* _SUPPLIED RECORDS_
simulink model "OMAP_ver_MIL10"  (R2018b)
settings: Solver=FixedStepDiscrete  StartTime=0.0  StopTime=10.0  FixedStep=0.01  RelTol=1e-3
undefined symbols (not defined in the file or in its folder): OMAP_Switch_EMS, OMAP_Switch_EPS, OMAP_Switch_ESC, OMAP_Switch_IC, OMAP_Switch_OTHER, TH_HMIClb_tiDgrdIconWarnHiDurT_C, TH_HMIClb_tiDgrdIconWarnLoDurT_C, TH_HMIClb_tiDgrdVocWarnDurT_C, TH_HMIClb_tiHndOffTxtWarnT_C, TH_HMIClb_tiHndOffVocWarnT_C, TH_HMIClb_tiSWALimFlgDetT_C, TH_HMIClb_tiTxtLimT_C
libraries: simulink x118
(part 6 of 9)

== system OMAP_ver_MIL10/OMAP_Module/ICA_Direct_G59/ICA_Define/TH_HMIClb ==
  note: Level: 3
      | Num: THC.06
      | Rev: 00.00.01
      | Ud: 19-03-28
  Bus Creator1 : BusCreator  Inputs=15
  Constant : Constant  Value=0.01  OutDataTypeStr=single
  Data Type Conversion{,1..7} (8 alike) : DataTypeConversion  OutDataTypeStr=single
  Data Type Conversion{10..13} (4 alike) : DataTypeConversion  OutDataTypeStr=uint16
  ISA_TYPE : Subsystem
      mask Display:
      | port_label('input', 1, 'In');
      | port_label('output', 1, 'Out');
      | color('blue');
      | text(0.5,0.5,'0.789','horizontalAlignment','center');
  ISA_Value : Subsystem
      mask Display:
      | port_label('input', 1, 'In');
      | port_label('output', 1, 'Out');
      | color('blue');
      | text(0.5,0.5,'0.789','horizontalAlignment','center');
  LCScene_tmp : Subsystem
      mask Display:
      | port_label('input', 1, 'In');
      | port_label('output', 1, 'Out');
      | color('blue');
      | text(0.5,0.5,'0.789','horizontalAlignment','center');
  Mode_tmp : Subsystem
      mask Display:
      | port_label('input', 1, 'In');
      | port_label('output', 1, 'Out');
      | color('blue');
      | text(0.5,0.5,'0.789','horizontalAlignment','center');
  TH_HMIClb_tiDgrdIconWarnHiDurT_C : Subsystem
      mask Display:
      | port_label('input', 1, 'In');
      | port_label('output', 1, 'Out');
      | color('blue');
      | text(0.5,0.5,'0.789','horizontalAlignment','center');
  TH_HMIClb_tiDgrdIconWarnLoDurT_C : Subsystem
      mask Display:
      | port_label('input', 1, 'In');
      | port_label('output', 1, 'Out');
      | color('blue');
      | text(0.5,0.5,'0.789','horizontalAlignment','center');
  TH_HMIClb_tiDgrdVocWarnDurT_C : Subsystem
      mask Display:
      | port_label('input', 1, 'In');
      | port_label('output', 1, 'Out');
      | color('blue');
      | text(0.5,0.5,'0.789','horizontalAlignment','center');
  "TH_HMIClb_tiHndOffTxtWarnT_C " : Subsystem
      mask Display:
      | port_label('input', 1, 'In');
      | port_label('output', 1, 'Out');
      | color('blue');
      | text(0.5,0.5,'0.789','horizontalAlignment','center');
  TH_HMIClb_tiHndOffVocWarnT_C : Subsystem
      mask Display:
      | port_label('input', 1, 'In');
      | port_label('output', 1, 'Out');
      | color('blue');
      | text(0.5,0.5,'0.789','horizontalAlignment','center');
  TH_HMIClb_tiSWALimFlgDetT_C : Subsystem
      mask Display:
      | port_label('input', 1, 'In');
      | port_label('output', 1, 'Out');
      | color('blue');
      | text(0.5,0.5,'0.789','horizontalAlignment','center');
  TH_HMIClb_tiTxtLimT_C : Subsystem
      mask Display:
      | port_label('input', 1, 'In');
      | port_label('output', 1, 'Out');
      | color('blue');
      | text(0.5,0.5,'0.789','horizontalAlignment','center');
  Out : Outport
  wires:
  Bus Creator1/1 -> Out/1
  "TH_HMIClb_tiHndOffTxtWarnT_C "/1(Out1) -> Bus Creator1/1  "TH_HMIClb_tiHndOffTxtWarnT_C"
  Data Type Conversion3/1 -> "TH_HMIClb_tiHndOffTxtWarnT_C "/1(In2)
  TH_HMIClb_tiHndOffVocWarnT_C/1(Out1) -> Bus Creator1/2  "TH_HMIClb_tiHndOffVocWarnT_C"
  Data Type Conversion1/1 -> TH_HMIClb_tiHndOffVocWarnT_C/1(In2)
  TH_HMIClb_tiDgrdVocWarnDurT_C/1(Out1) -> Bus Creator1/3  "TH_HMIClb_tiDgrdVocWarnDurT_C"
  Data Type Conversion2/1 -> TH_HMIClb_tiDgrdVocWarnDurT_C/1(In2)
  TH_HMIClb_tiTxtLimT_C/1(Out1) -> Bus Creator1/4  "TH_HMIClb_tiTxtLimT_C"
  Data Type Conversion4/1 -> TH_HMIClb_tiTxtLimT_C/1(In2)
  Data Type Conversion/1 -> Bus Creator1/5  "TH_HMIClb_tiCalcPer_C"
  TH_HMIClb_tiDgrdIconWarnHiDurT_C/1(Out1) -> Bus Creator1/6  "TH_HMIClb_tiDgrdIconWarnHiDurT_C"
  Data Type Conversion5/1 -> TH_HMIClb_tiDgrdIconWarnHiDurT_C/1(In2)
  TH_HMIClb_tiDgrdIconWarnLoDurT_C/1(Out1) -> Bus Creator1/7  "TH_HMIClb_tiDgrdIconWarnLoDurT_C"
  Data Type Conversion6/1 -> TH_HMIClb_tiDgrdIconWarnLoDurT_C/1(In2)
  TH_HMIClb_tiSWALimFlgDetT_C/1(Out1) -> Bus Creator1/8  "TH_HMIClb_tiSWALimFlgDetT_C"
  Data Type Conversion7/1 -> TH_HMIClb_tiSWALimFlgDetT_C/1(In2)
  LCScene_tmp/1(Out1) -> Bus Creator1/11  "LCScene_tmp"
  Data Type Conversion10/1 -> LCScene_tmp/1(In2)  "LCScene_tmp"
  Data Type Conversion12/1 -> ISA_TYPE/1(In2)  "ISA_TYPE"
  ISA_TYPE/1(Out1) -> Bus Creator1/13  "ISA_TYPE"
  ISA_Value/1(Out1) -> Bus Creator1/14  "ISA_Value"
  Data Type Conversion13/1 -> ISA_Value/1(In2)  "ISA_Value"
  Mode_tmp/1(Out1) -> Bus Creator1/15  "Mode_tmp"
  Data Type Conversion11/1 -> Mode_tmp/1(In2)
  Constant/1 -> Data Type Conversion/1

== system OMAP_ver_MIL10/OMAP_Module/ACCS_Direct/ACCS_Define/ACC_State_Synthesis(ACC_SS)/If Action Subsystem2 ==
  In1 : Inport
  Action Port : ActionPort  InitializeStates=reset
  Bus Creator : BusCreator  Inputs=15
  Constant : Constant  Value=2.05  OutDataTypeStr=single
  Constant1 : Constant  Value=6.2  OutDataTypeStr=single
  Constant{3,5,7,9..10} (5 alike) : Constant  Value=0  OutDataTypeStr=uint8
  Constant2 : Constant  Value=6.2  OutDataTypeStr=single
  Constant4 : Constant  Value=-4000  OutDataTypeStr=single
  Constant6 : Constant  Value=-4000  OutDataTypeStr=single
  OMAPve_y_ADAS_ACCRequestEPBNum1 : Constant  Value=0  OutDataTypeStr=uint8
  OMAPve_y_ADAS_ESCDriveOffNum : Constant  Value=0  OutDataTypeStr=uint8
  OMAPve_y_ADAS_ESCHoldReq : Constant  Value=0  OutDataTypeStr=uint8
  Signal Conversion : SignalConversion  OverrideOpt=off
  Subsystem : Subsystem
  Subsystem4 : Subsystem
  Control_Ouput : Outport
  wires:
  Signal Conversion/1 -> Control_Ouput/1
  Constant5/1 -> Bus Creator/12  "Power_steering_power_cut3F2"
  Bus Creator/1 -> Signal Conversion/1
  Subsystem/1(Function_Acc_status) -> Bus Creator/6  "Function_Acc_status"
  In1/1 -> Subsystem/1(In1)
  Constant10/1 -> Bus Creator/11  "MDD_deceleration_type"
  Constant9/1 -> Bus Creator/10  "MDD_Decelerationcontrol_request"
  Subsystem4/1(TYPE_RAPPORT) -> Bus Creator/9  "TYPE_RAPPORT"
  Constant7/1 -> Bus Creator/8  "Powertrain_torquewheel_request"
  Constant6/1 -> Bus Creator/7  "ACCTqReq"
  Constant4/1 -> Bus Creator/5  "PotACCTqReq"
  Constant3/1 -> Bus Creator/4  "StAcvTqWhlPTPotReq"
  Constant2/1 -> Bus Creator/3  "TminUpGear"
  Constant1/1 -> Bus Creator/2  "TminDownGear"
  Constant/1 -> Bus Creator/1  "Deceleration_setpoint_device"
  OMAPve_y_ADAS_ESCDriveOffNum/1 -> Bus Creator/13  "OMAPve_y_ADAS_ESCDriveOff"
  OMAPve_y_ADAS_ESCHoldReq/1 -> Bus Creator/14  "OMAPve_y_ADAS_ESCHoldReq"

* _WORK REQUEST_
Go through the data above line by line, count those that contain the string "Action", and reply with the count only.

* _THE COMPLETED TASK_
2